BNP Paribas edged out existing lead Deutsche Bank and other relationship lenders on a $180 million refinancing for Oriental Trading by pitching the simplest structure and most attractive bid to the sponsor, Brentwood Associates. After deciding to do a refinancing earlier this year, Brentwood went out to key relationship banks and asked for responses to different structures, said Anthony Choe of Brentwood, who is also a director of Oriental Trading. "BNP was flexible in its approach to different considerations," he added, noting that the most appropriate was a plain-vanilla structure.
Other options included a high-yield bond component or other higher-margin pieces, but this was not the correct plan for the company, Choe noted. "Structure, timing, execution and, of course, price were factors," he said. Choe declined to name the other relationship lenders or detail their specific proposals. Officials at Deutsche Bank and BNP declined to comment.
Deutsche Bank led the debt financing backing the leveraged buyout of Oriental Trading, an Omaha, Neb., online and mail-order catalogue company, in 2000. According to Choe, the early refinancing is being done for several reasons. "We talked conceptually at Brentwood in the fall of last year after looking at how fast leverage was reducing," he said. Specifically, the opportunity to take out high-interest mezzanine debt was important, he noted, adding that approximately $78 million of mezzanine notes will be taken out with a negotiated pre-payment.
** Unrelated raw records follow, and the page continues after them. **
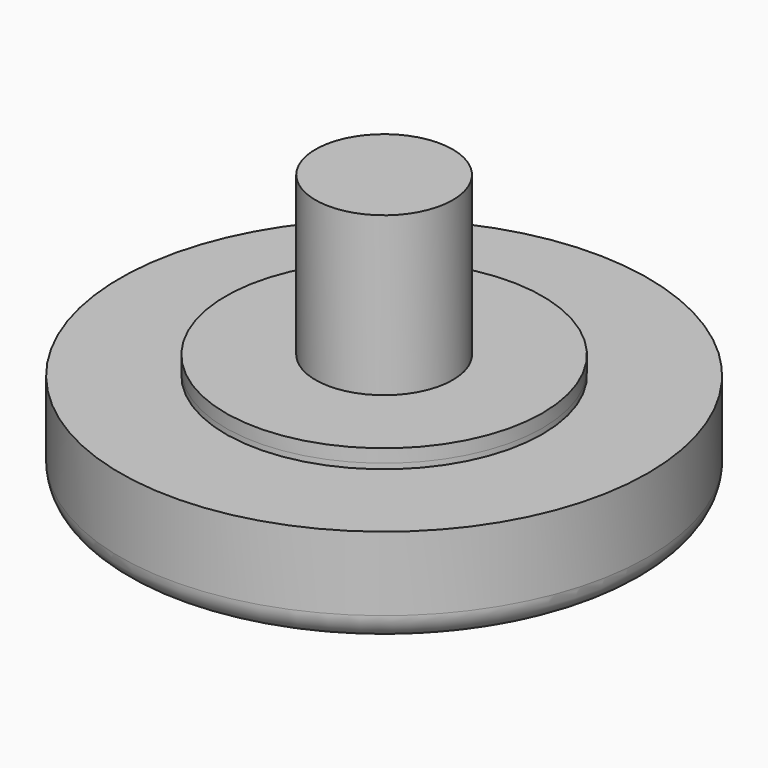
from build123d import *

# Parameters (mm, degrees)
F0_R     = 10
F0_R_2   = 6
F1_DEPTH = 4
F0_R_3   = 2.6
F2_DEPTH = 4.5
F3_DEPTH = 10.5
F4_R     = 8.5
F5_DEPTH = 1.5
F7_R     = 1
F8_DEPTH = 0.2


# Not quite as in the source:
# - a fillet or chamfer that OpenCascade refuses, or shapes differently, is made with other operations: its cross-section is extruded or revolved along the edge and cut away or added


with BuildPart() as f1:
    # F0 (on Top) → F1 (new body)
    with BuildSketch(Plane.XY):
        with Locations((-11.3181825727, 20.5227266997)):
            Circle(F0_R)
        with Locations((-11.3181825727, 20.5227266997)):
            Circle(F0_R_2, mode=Mode.SUBTRACT)
    extrude(amount=F1_DEPTH)

    # F0 (on Top) → F2 (join)
    with BuildSketch(Plane.XY):
        with Locations((-11.3181825727, 20.5227266997)):
            Circle(F0_R_2)
        with Locations((-11.3181825727, 20.5227266997)):
            Circle(F0_R_3, mode=Mode.SUBTRACT)
    extrude(amount=F2_DEPTH)

    # F0 (on Top) → F3 (join)
    with BuildSketch(Plane.XY):
        with Locations((-11.3181825727, 20.5227266997)):
            Circle(F0_R_3)
    extrude(amount=F3_DEPTH)

    # F4 (on face) → F5 (cut)
    with BuildSketch(Plane(origin=(0, 0, 0), x_dir=(1, 0, 0), z_dir=(0, 0, -1))):
        with Locations((-11.3181825727, -20.5227266997)):
            Circle(F4_R)
    extrude(amount=-F5_DEPTH, mode=Mode.SUBTRACT)

    # F6: fillet of radius 20 on 1 edges, made by hand

    # F6_s1 → F6_t2 (revolve)
    with BuildSketch(Plane.XZ.offset(-20.5227266997)):
        with BuildLine():
            ThreePointArc((-2.8181825727, 0), (-6.5445413033, 1.1214168703), (-10.4175246495, 1.5))
            Line((-10.4175246495, 1.5), (-2.8181825727, 1.5))
            Line((-2.8181825727, 1.5), (-2.8181825727, 0))
        make_face()
    revolve(axis=Axis((-11.3181825727, 20.5227266997, 1.5), (0, 0, -1)))

    # F7
    f7_edges = [f1.edges().sort_by_distance(p)[0] for p in [
        (-21.318183, 20.522727, 0),
    ]]
    fillet(f7_edges, radius=F7_R)

    # F8 (cut): a face of the model
    f8_faces = [f1.faces().sort_by_distance(p)[0] for p in [
        (-21.0353398602, 20.5227266997, 4),
    ]]
    extrude(f8_faces, amount=-F8_DEPTH, mode=Mode.SUBTRACT)


solid = f1.part
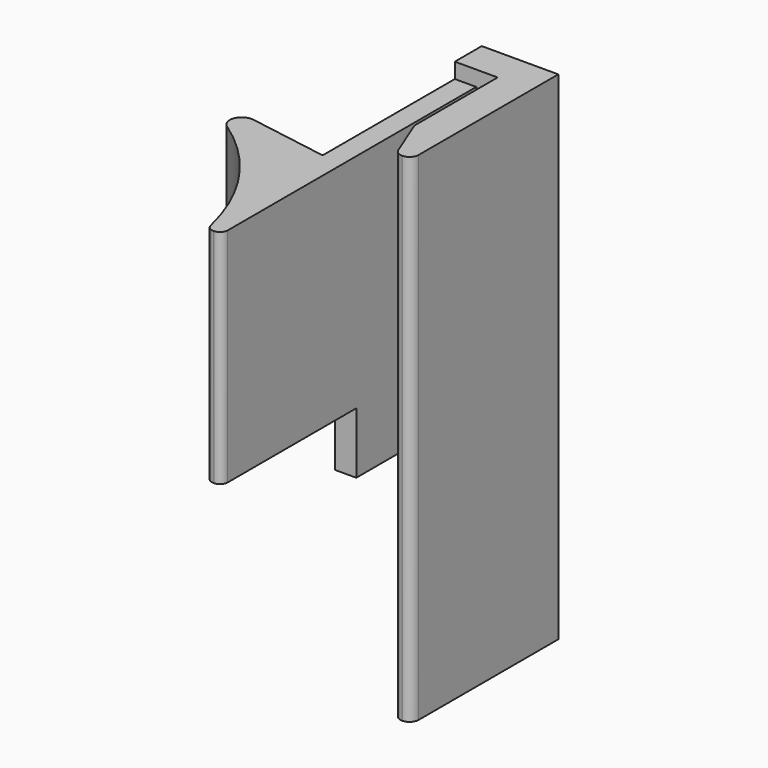
from build123d import *

# Parameters (mm, degrees)
F0_W     = 1.4
F0_H     = 9.8
F1_DEPTH = 15.5
F2_DEPTH = 19.5
F3_DEPTH = 1
F4_DEPTH = 32.5


# Not quite as in the source:
# - ends of sketch curves that miss each other by under 0.0002 mm in the source are joined


with BuildPart() as f1:
    # F0 (on Top) → F1 (new body)
    with BuildSketch(Plane.XY):
        with BuildLine():
            Line((-32.0736061335, 18.2974073312), (-37.0736061335, 18.2974073312))
            Line((-37.0736061335, 18.2974073312), (-37.0736061335, 16.0974073312))
            Line((-37.0736061335, 16.0974073312), (-35.6736061335, 16.0974073312))
            Line((-35.6736061335, 16.0974073312), (-34.2736061335, 16.0974073312))
            Line((-34.2736061335, 16.0974073312), (-34.2736061335, 9.4129567733))
            ThreePointArc((-34.2736061335, 9.4129567733), (-34.2627799655, 9.2994922606), (-34.230692148, 9.1901223675))
            Line((-34.230692148, 9.1901223675), (-33.2244723711, 6.6745729254))
            ThreePointArc((-33.2244723711, 6.6745729254), (-33.0063342171, 6.402317089), (-32.6736057993, 6.2974395666))
            Line((-32.6736057993, 6.2974395666), (-32.6673863566, 6.2974073312))
            ThreePointArc((-32.6673863566, 6.2974073312), (-32.2471488287, 6.4753478956), (-32.0736061335, 6.8974073312))
            Line((-32.0736061335, 6.8974073312), (-32.0736061335, 18.2974073312))
        make_face()
        with Locations((-36.3736061335, 11.1974073312)):
            Rectangle(F0_W, F0_H)
        with BuildLine():
            Line((-35.6736061335, 6.2974073312), (-37.0736061335, 6.2974073312))
            Line((-37.0736061335, 6.2974073312), (-37.0736061335, 5.2974073312))
            Line((-37.0736061335, 5.2974073312), (-42.2844909944, 6.1658881413))
            ThreePointArc((-42.2844909944, 6.1658881413), (-42.8770439673, 6.0305679631), (-43.2034719774, 5.5178542706))
            ThreePointArc((-43.2034719774, 5.5178542706), (-43.1469979089, 5.0781395288), (-42.8650641349, 4.7360113048))
            ThreePointArc((-42.8650641349, 4.7360113048), (-38.9420533833, 0.8088724995), (-36.7058590055, -4.271665588))
            ThreePointArc((-36.7058590055, -4.271665588), (-36.5388782387, -4.5797772785), (-36.2106530565, -4.7025926688))
            Line((-36.2106530565, -4.7025926688), (-36.1736061335, -4.7025926688))
            ThreePointArc((-36.1736061335, -4.7025926688), (-35.8200527429, -4.5561460594), (-35.6736061335, -4.2025926688))
            Line((-35.6736061335, -4.2025926688), (-35.6736061335, 6.2974073312))
        make_face()
    extrude(amount=-F1_DEPTH)

    # F0 (on Top) → F2 (join)
    with BuildSketch(Plane.XY):
        with Locations((-36.3736061335, 11.1974073312)):
            Rectangle(F0_W, F0_H)
    extrude(amount=-F2_DEPTH)

    # F0 (on Top) → F3 (cut)
    with BuildSketch(Plane.XY):
        with Locations((-36.3736061335, 11.1974073312)):
            Rectangle(F0_W, F0_H)
        with BuildLine():
            Line((-35.6736061335, 6.2974073312), (-37.0736061335, 6.2974073312))
            Line((-37.0736061335, 6.2974073312), (-37.0736061335, 5.2974073312))
            Line((-37.0736061335, 5.2974073312), (-42.2844909944, 6.1658881413))
            ThreePointArc((-42.2844909944, 6.1658881413), (-42.8770439673, 6.0305679631), (-43.2034719774, 5.5178542706))
            ThreePointArc((-43.2034719774, 5.5178542706), (-43.1469979089, 5.0781395288), (-42.8650641349, 4.7360113048))
            ThreePointArc((-42.8650641349, 4.7360113048), (-38.9420533833, 0.8088724995), (-36.7058590055, -4.271665588))
            ThreePointArc((-36.7058590055, -4.271665588), (-36.5388782387, -4.5797772785), (-36.2106530565, -4.7025926688))
            Line((-36.2106530565, -4.7025926688), (-36.1736061335, -4.7025926688))
            ThreePointArc((-36.1736061335, -4.7025926688), (-35.8200527429, -4.5561460594), (-35.6736061335, -4.2025926688))
            Line((-35.6736061335, -4.2025926688), (-35.6736061335, 6.2974073312))
        make_face()
    extrude(amount=-F3_DEPTH, mode=Mode.SUBTRACT)

    # F0 (on Top) → F4 (join)
    with BuildSketch(Plane.XY):
        with BuildLine():
            Line((-32.0736061335, 18.2974073312), (-37.0736061335, 18.2974073312))
            Line((-37.0736061335, 18.2974073312), (-37.0736061335, 16.0974073312))
            Line((-37.0736061335, 16.0974073312), (-35.6736061335, 16.0974073312))
            Line((-35.6736061335, 16.0974073312), (-34.2736061335, 16.0974073312))
            Line((-34.2736061335, 16.0974073312), (-34.2736061335, 9.4129567733))
            ThreePointArc((-34.2736061335, 9.4129567733), (-34.2627799655, 9.2994922606), (-34.230692148, 9.1901223675))
            Line((-34.230692148, 9.1901223675), (-33.2244723711, 6.6745729254))
            ThreePointArc((-33.2244723711, 6.6745729254), (-33.0063342171, 6.402317089), (-32.6736057993, 6.2974395666))
            Line((-32.6736057993, 6.2974395666), (-32.6673863566, 6.2974073312))
            ThreePointArc((-32.6673863566, 6.2974073312), (-32.2471488287, 6.4753478956), (-32.0736061335, 6.8974073312))
            Line((-32.0736061335, 6.8974073312), (-32.0736061335, 18.2974073312))
        make_face()
    extrude(amount=-F4_DEPTH)


solid = f1.part
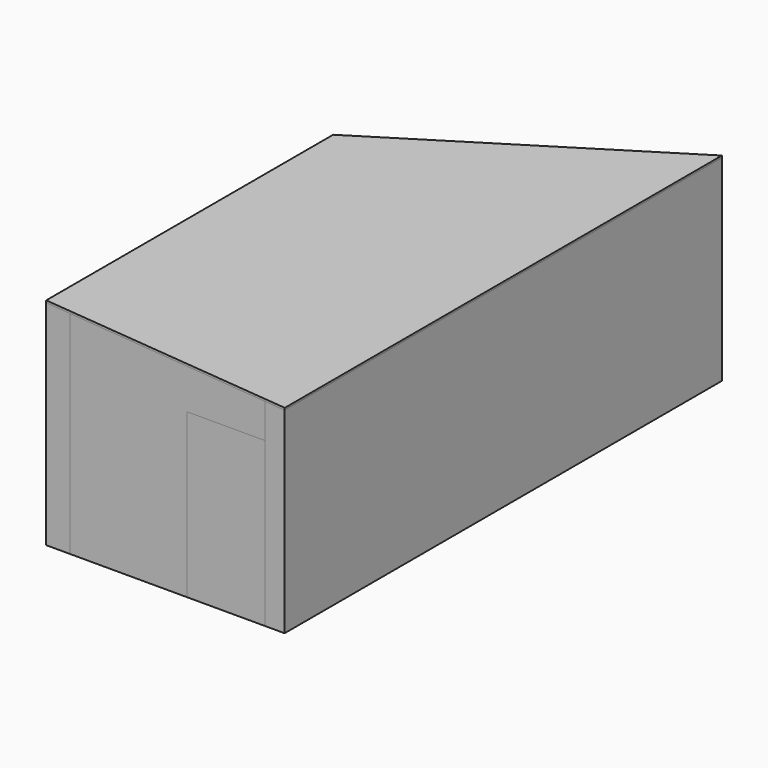
from build123d import *

# Parameters (mm, degrees)
F0_W      = 1397
F0_H      = 2300
F1_DEPTH  = 6400
F3_DEPTH  = 6400
F5_REACH  = 6056.1837849536
F6_T      = -2.5
F9_DEPTH  = 25
F10_REACH = 8727.8551134481
F11_REACH = 8915.8825953498
F7_W      = 914.4
F7_H      = 1912
F12_DEPTH = 100


with BuildPart() as f1:
    # F0 (on Front) → F1 (new body)
    with BuildSketch(Plane.XZ):
        with Locations((-698.5, 1150)):
            Rectangle(F0_W, F0_H)
        with Locations((698.5, 1150)):
            Rectangle(F0_W, F0_H)
    extrude(amount=-F1_DEPTH)

    # F2 (on face) → F3 (join, through all)
    with BuildSketch(Plane(origin=(0, 6400, 0), x_dir=(-1, 0, 0), z_dir=(0, 1, 0))):
        Polygon((-1397, 2300), (1397, 2300), (1397, 2500), align=None)
    extrude(amount=-F3_DEPTH)

    f5_end = f1.faces().sort_by_distance((0, 3200, 2400))[0]
    # F4 (on face) → F5 (cut, up to a face of the model that its end follows)
    with BuildSketch(Plane(origin=(0, 0, 0), x_dir=(1, 0, 0), z_dir=(0, 0, -1))):
        Polygon((1397, -6400), (-1397, -4200), (-1397, -6400), align=None)
    f5_long = extrude(amount=-F5_REACH, mode=Mode.PRIVATE)
    add(split(f5_long, bisect_by=f5_end, keep=Keep.BOTTOM, mode=Mode.PRIVATE), mode=Mode.SUBTRACT)

    # F6
    f6_openings = [f1.faces().sort_by_distance(p)[0] for p in [
        (96.647799, 2688.050314, 0),
    ]]
    offset(amount=F6_T, openings=f6_openings)


with BuildPart() as f9:
    # F8 (on face) → F9 (new body)
    with BuildSketch(Plane(origin=(170.9209123735, 0, 2387.7651458573), x_dir=(0.9974478152, 0, -0.071399271), z_dir=(0.071399271, 0, 0.9974478152))):
        Polygon((1229.2162746817, 0), (1229.2162746817, 6400), (-1571.9327752619, 4200), (-1571.9327752619, 0), align=None)
    extrude(amount=F9_DEPTH)


with BuildPart() as f10:
    f10_end = Plane(origin=(-19.3536070615, 5281.5789575885, 1199.4394861824), x_dir=(-0.7856739006, -0.6186408666, 0), z_dir=(0.6186408666, -0.7856739006, 0))
    # F7 (on face) → F10 (new body, up to a plane its end follows)
    with BuildSketch(Plane.XZ):
        Polygon((1167, 1912), (1167, 0), (1397, 0), (1397, 2300), (1167, 2316.4638511095), align=None)
    f10_long = extrude(amount=-F10_REACH, mode=Mode.PRIVATE)
    add(split(f10_long, bisect_by=f10_end, keep=Keep.TOP, mode=Mode.PRIVATE))


with BuildPart() as f11:
    f11_end = Plane(origin=(-19.3536070615, 5281.5789575885, 1199.4394861824), x_dir=(-0.7856739006, -0.6186408666, 0), z_dir=(0.6186408666, -0.7856739006, 0))
    # F7 (on face) → F11 (new body, up to a plane its end follows)
    with BuildSketch(Plane.XZ):
        Polygon((-1397, 0), (-1114.7586107254, 0), (-1114.7586107254, 1912), (-1114.7586107254, 2479.7966077828), (-1397, 2500), align=None)
    f11_long = extrude(amount=-F11_REACH, mode=Mode.PRIVATE)
    add(split(f11_long, bisect_by=f11_end, keep=Keep.TOP, mode=Mode.PRIVATE))


with BuildPart() as f12:
    # F7 (on face) → F12 (new body)
    with BuildSketch(Plane.XZ):
        with Locations((709.8, 956)):
            Rectangle(F7_W, F7_H)
    extrude(amount=-F12_DEPTH)


solid = Compound([f1.part, f9.part, f10.part, f11.part, f12.part])
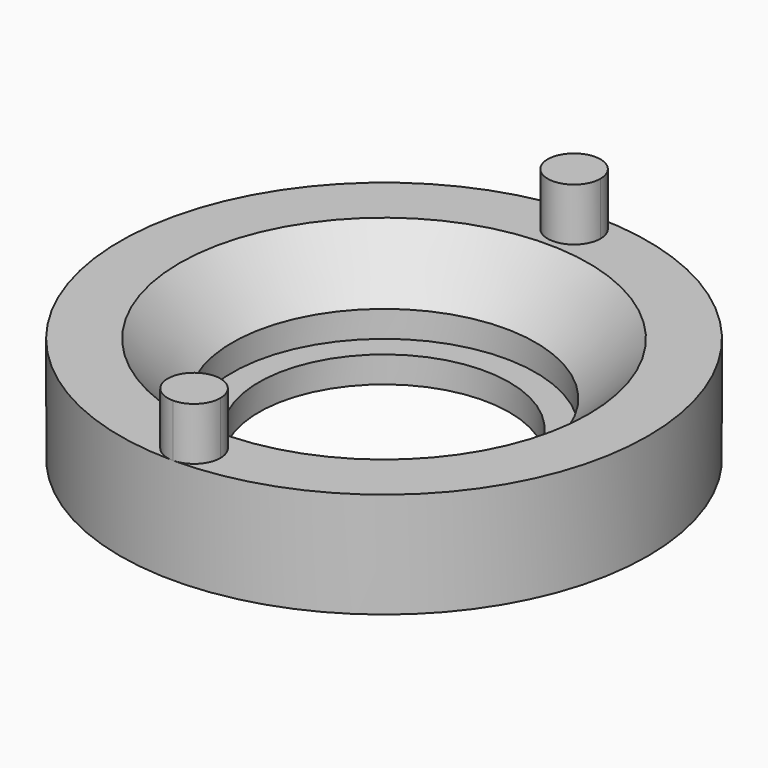
from build123d import *

# Parameters (mm, degrees)
F0_R     = 10
F0_R_2   = 5.75
F1_DEPTH = 4
F0_R_3   = 4.75
F2_DEPTH = 1
F3_SIZE  = 2
F5_DEPTH = 2


# Not quite as in the source:
# - a feature names something its author has since deleted; it is built from what else it names


with BuildPart() as f1:
    # F0 (on Top) → F1 (new body)
    with BuildSketch(Plane.XY):
        Circle(F0_R)
        Circle(F0_R_2, mode=Mode.SUBTRACT)
    extrude(amount=F1_DEPTH)

    # F0 (on Top) → F2 (join)
    with BuildSketch(Plane.XY):
        Circle(F0_R_2)
        Circle(F0_R_3, mode=Mode.SUBTRACT)
    extrude(amount=F2_DEPTH)

    # F3
    f3_edges = [f1.edges().sort_by_distance(p)[0] for p in [
        (-5.75, 0, 4),
    ]]
    chamfer(f3_edges, length=F3_SIZE)

    # F4 (on face) → F5 (join)
    with BuildSketch(Plane.XY.offset(4)):
        with BuildLine():
            ThreePointArc((4.5e-09, 10), (-0.7071067828, 8.2928932204), (1, 9))
            ThreePointArc((1, 9), (0.7071067828, 9.7071067796), (4.5e-09, 10))
        make_face()
        with BuildLine():
            ThreePointArc((1, -9), (-0.7071067792, -8.2928932169), (-5.5e-09, -10))
            ThreePointArc((-5.5e-09, -10), (0.7071067792, -9.7071067831), (1, -9))
        make_face()
    extrude(amount=F5_DEPTH)


solid = f1.part
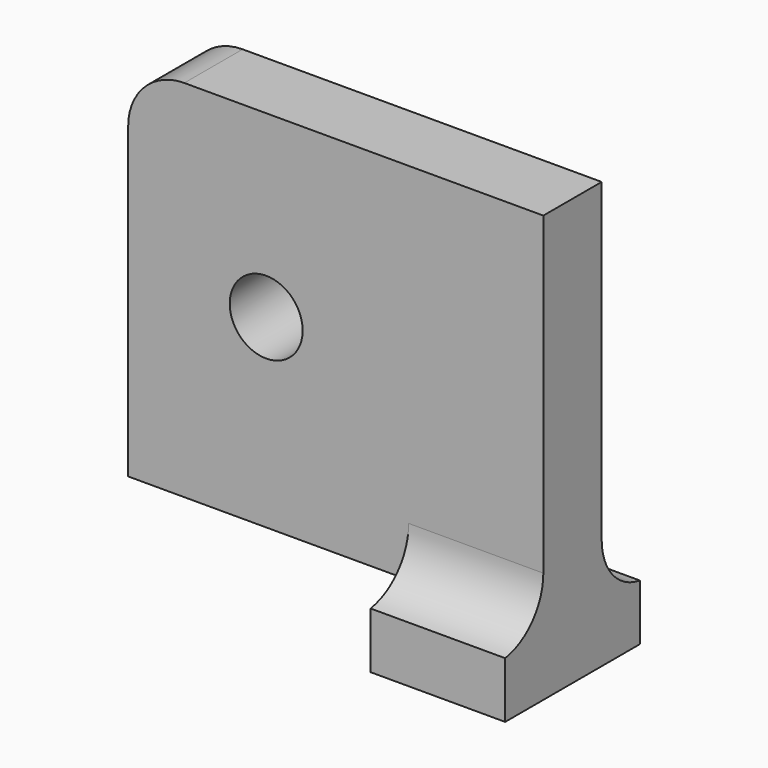
from build123d import *

# Parameters (mm, degrees)
F0_W        = 12
F0_H        = 15
F1_DEPTH    = 5
F2_W        = 12
F2_H        = 6.5
F3_DEPTH    = 33
F4_W        = 6.5
F4_H        = 33
F5_DEPTH    = 25
F6_T1_DEPTH = 12
F7_R        = 3.25
F8_DEPTH    = 25
F9_W        = 6.5
F9_H        = 0.5
F10_DEPTH   = 25
F11_R       = 5


# Not quite as in the source:
# - a fillet or chamfer that OpenCascade refuses, or shapes differently, is made with other operations: its cross-section is extruded or revolved along the edge and cut away or added


with BuildPart() as f1:
    # F0 (on Top) → F1 (new body)
    with BuildSketch(Plane.XY):
        Rectangle(F0_W, F0_H)
    extrude(amount=F1_DEPTH)

    # F2 (on face) → F3 (join)
    with BuildSketch(Plane.XY.offset(5)):
        Rectangle(F2_W, F2_H)
    extrude(amount=F3_DEPTH)

    # F4 (on face) → F5 (join)
    with BuildSketch(Plane(origin=(-6, 0, 0), x_dir=(0, -1, 0), z_dir=(-1, 0, 0))):
        with Locations((0, 21.5)):
            Rectangle(F4_W, F4_H)
    extrude(amount=F5_DEPTH)

    # F6: fillet of radius 5 on 2 edges, made by hand

    # F6_s2 → F6_t1 (join)
    with BuildSketch(Plane.YZ.offset(-6)):
        with BuildLine():
            ThreePointArc((-3.25, 9.9434299833), (-4.458562278, 6.6838287807), (-7.5, 5))
            Line((-7.5, 5), (-3.25, 5))
            Line((-3.25, 5), (-3.25, 9.9434299833))
        make_face()
        with BuildLine():
            ThreePointArc((7.5, 5), (4.458562278, 6.6838287807), (3.25, 9.9434299833))
            Line((3.25, 9.9434299833), (3.25, 5))
            Line((3.25, 5), (7.5, 5))
        make_face()
    extrude(amount=F6_T1_DEPTH)

    # F7 (on face) → F8 (cut)
    with BuildSketch(Plane.XZ.offset(3.25)):
        with Locations((-18.7, 22)):
            Circle(F7_R)
    extrude(amount=-F8_DEPTH, mode=Mode.SUBTRACT)

    # F9 (on face) → F10 (cut)
    with BuildSketch(Plane(origin=(-31, 0, 0), x_dir=(0, -1, 0), z_dir=(-1, 0, 0))):
        with Locations((0, 5.25)):
            Rectangle(F9_W, F9_H)
    extrude(amount=-F10_DEPTH, mode=Mode.SUBTRACT)

    # F11
    f11_edges = [f1.edges().sort_by_distance(p)[0] for p in [
        (-31, 0, 38),
    ]]
    fillet(f11_edges, radius=F11_R)


solid = f1.part

Furthermore, the deal cleans up the capital structure in preparation for a possible initial public offering next year. "The old facility dictated that 100% of proceeds from an IPO had to repay debt but, considering the solid cash flow and stable leverage, it does not make sense to pay off all leverage," Choe explained. All the institutions offered to accomodate the IPO, but BNP's bid was the most rational, he said, declining to elaborate.
The deal consists of a $150 million "B" term loan and a $30 million revolver priced at LIBOR plus 21/ 2% and LIBOR plus 2%, respectively. The existing facility is $165 million, split between a $30 million revolver, an $85 million term loan and a $50 million "B" loan. Pricing was LIBOR plus 31/ 4% on the pro rata and LIBOR plus 33/ 4% on the "B" loan.
Investors are upbeat on the new credit, citing the stable, strong cash flow. More than $60 million in debt has been paid off through cash flow, one buysider noted, adding that the deal is expected to garner a four-B rating. Previously, the bank debt had a Ba3 private rating, but total leverage has improved from 4.6 times to 2.7 times since the LBO, Choe said.